IPTV has hundreds of channels...almost all are waste of time....I do watch CBC on there at times though. 

Over the air again may offer many channels...most are crap, network channels are good for news etc. but if you're not used to commercials it is very frustrating to watch.

I stream uTube...a lot of junk on there...takes time to find worth while content but at least the price is right.

In general the state of video is sad. I'm trying more real life...fewer commercials, no reruns so far.


----------



## m3s (Apr 3, 2010)

I'm streaming the Paris fire live from CBC right now from their own app. They are pretty good a streaming most free without geo locks besides the sports (geo locked to Canadian IP) You can even stream CBC news live from youtube

I agree amazon and hulu mostly suck. I pay for amazon prime and spotify (music) but for video I stream youtube more even though I have amazon and hulu bundled for free. I watch some of their original content since I have it. I see these as a kind of gateway from traditional TV viewers to online streaming

For the upcoming generation Z, their celebrities are on youtube. Youtube ad revenue makes a lot of people wealthy today.. free youtube content is better than TV today imo

Forbes
"Traditional TV is dead, and it’s hard to argue otherwise. The data is clear and the trends are indisputable. Google’s study states that by 2025 half of viewers under the age of 32 will not subscribe to a pay-TV service. This means that they won’t receive your traditional TV ads, and even if they do, it’ll be expensive and less relevant. By 2025, millennials will account for three-quarters of the world's workforce. Unless you’d like to exclude this entire target market, staying up with the trends is in your best interest."


----------



## agent99 (Sep 11, 2013)

Userkare said:


> I went with the basic $25/mo plan ( 56 channels), then added the theme packages I wanted. All the other plans include sports channels that I'm not interested in.
> 
> So, it's not the number of channels that's important to me, it's that I have mostly channels that I want.
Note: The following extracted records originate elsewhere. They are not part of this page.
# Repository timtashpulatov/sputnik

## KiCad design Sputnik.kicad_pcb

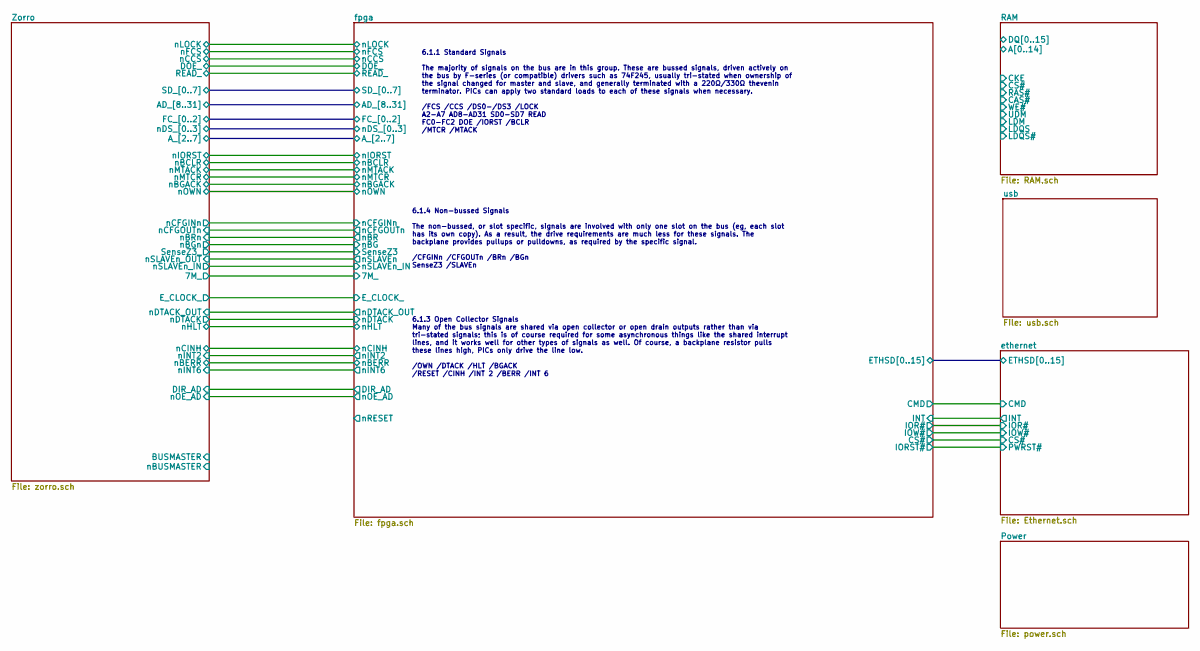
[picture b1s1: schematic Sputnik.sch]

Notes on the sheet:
6.1.1 Standard Signals The majority of signals on the bus are in this group. These are bussed signals, driven actively on the bus by F-series (or compatible) drivers such as 74F245, usually tri-stated when ownership of the signal changed for master and slave, and generally terminated with a 220Ω/33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
6.1.4 Non-bussed Signals The non-bussed, or slot specific, signals are involved with only one slot on the bus (eg, each slot has its own copy). As a result, the drive requirements are much less for these signals. The backplane provides pullups or pulldowns, as required by the specific signal. /CFGI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
6.1.3 Open Collector Signals Many of the bus signals are shared via open collector or open drain outputs rather than via tri-stated signals; this is of course required for some asynchronous things like the shared interrupt lines, and it works well for other types of signals as well. Of course, a ba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

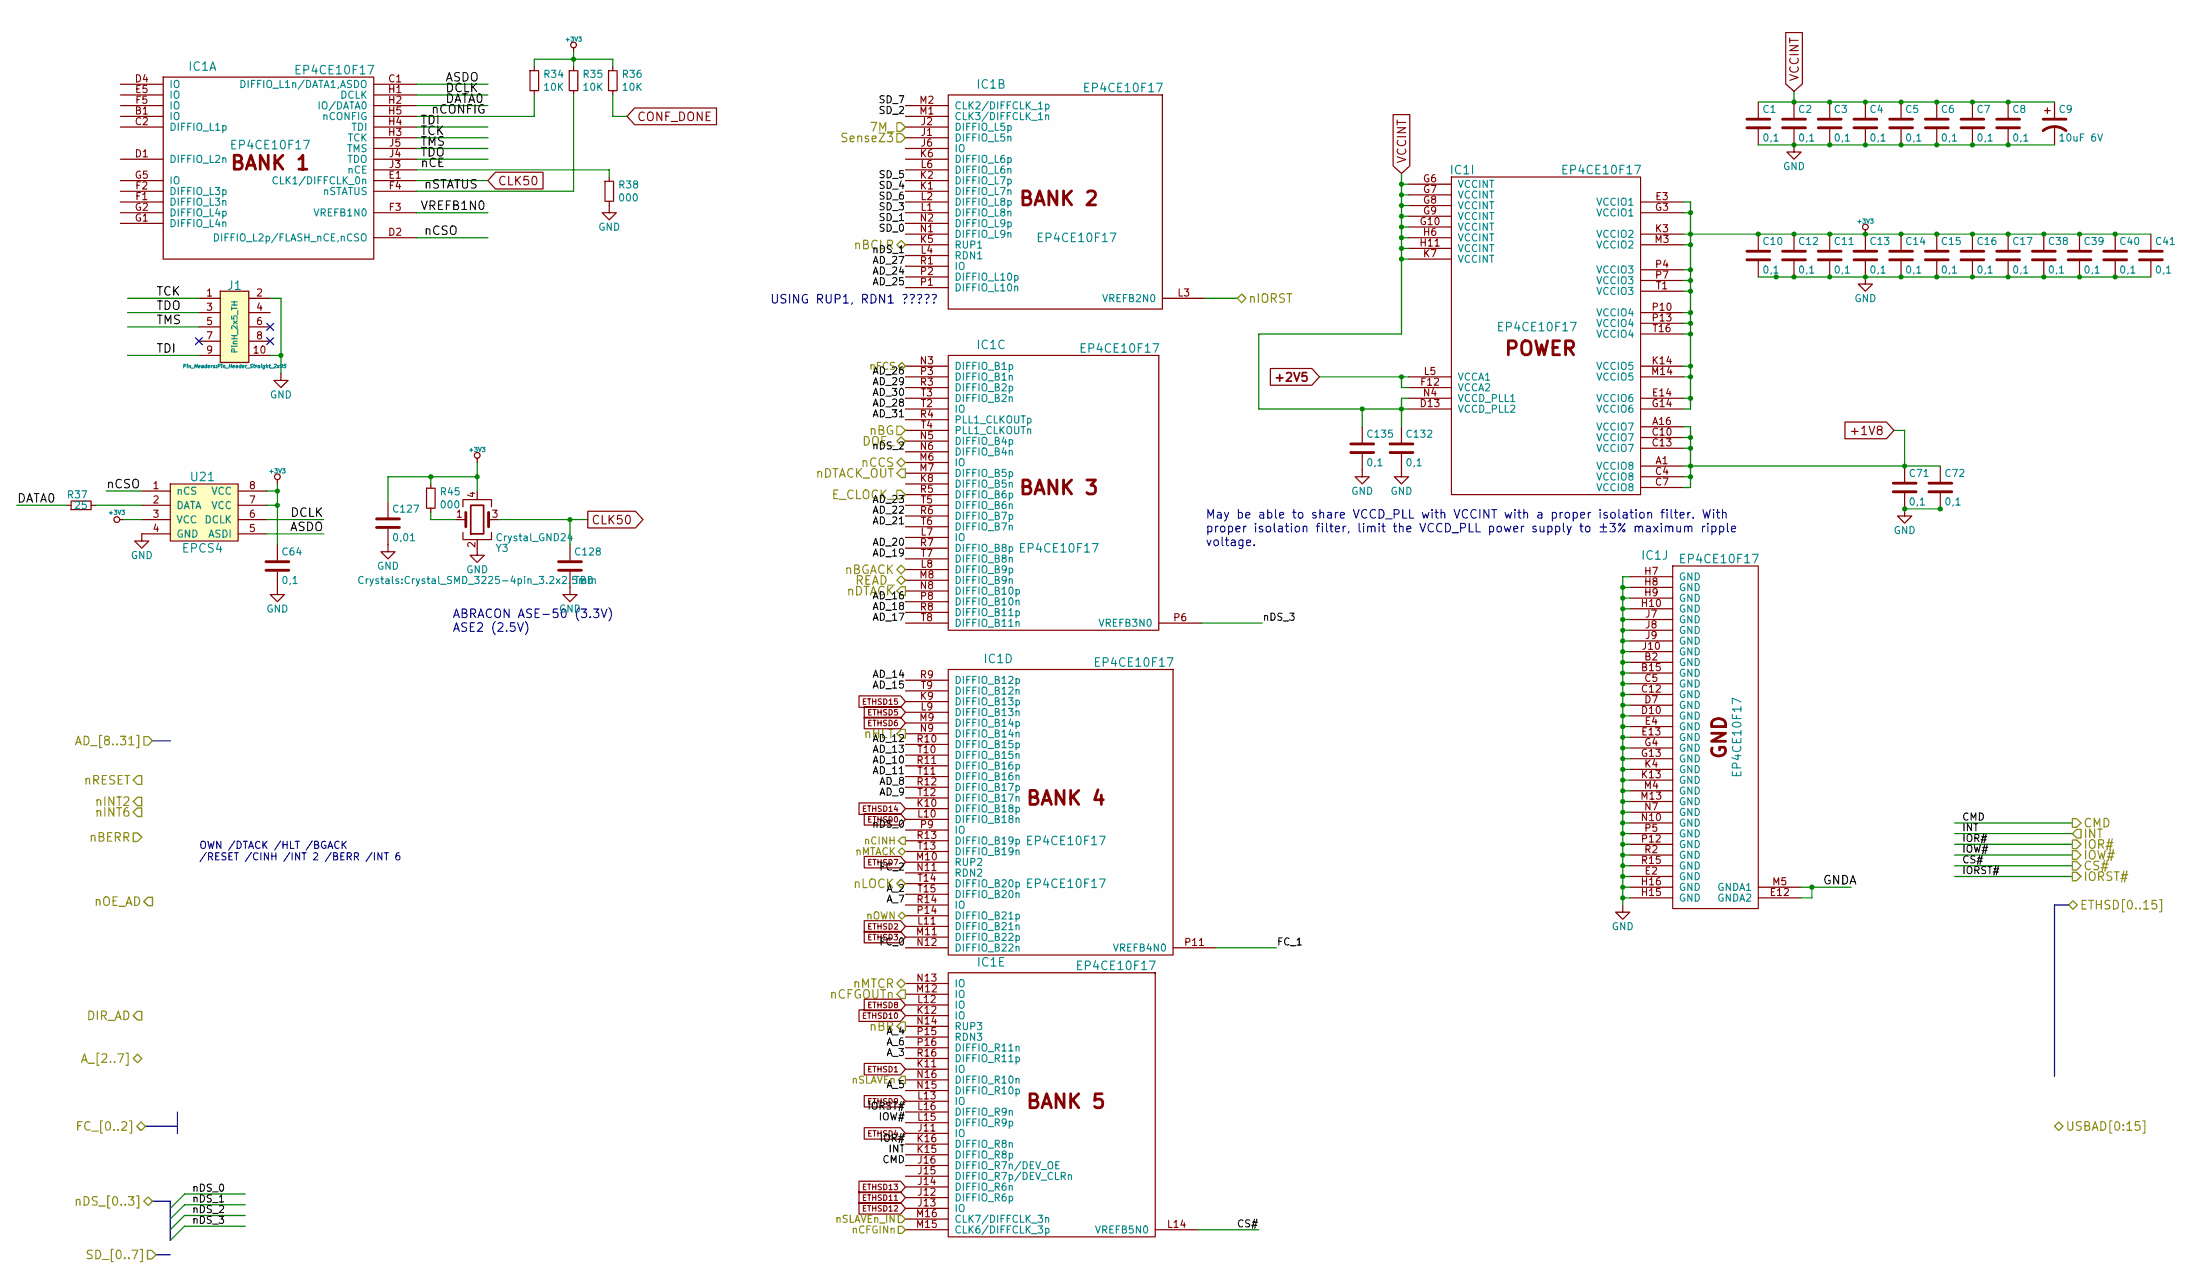
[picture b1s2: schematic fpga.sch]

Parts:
C1, C2, C3, C4, C5, C6, C7, C8, C10, C11, C12, C13, C14, C15, C16, C17, C38, C39, C40, C41, C64, C71, C72: 0,1; C_0603
C9: 10uF 6V
C127: 0,01; C_0603
C128: TBD; C_0603
C132, C135: 0,1; C_0402
IC1: EP4CE10F17; BGA-256-NSMD
J1: Pinheader_2x5_TH_WALL; Pin_Header_Straight_2x05; Manufacturer Part Number SBH11-PBPC-D05-ST-BK
R34, R35, R36: 10K; R_0603
R37: 25; R_0603
R38, R45: 000; R_0603
U21: EPCS4; SOIC-8_3.9x4.9mm_Pitch1.27mm
Y3: Crystal_GND24; Crystal_SMD_3225-4pin_3.2x2.5mm

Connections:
+1V8: C71.1, C72.1, IC1.A1 (VCCIO8), IC1.A16 (VCCIO7), IC1.C4 (VCCIO8), IC1.C7 (VCCIO8), IC1.C10 (VCCIO7), IC1.C13 (VCCIO7); also elsewhere on the board
+2V5: IC1.F12 (VCCA2), IC1.L5 (VCCA1); also elsewhere on the board
+3V3: C10.1, C11.1, C12.1, C13.1, C14.1, C15.1, C16.1, C17.1, C38.1, C39.1, C40.1, C41.1, C64.1, C127.1, IC1.E3 (VCCIO1), IC1.E14 (VCCIO6), IC1.G3 (VCCIO1), IC1.G14 (VCCIO6), IC1.K3 (VCCIO2), IC1.K14 (VCCIO5), IC1.M3 (VCCIO2), IC1.M14 (VCCIO5), IC1.P4 (VCCIO3), IC1.P7 (VCCIO3), IC1.P10 (VCCIO4), IC1.P13 (VCCIO4), IC1.T1 (VCCIO3), IC1.T16 (VCCIO4), R34.1, R35.1, R36.1, R45.1, U21.3 (VCC), U21.7 (VCC), U21.8 (VCC), Y3.4; also elsewhere on the board
/Zorro/7M_: IC1.J2 (DIFFIO_L5p); also elsewhere on the board
/Zorro/AD_8: IC1.R12 (DIFFIO_B17p); also elsewhere on the board
/Zorro/AD_9: IC1.T12 (DIFFIO_B17n); also elsewhere on the board
/Zorro/AD_10: IC1.R11 (DIFFIO_B16p); also elsewhere on the board
/Zorro/AD_11: IC1.T11 (DIFFIO_B16n); also elsewhere on the board
/Zorro/AD_12: IC1.R10 (DIFFIO_B15p); also elsewhere on the board
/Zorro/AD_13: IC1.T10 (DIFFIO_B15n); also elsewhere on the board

Although we have different interests, it is the same for us. When I looked at the $25 package and then added other Themes we might want plus the multi receiver fee, we ended up at the same cost as the extra small TV (74+5) with no multi receiver charge. That is really about 55 channels (majority of no interest to us), but meets most of our TV needs, which are not much.


----------



## like_to_retire (Oct 9, 2016)

Eder said:


> ...I guess I get what I pay for..


And it's as simple as that.

ltr


----------



## m3s (Apr 3, 2010)

Paying for satellite/cable is comparable to paying for internet connectivity, except the internet is far more versatile. The streaming subscription plus ad revenue is probably comparable as well. Youtube generates billions in ads and growing whereas traditional TV is declining


----------



## agent99 (Sep 11, 2013)

like_to_retire said:


> > Quote Originally Posted by Eder View Post
> > ...I guess I get what I pay for..
> 
> 
> ...


Well we usually get what we pay for regardless what we buy - even if it is not good value. And value varies depending on our individual perceptions.

We get a lot more value out of the $40/month we pay for internet than we do for the $62/month we now pay for TV. If I do anything, it will just be putting toe in water and testing IPTV. Even although saving that $62/month is tempting. 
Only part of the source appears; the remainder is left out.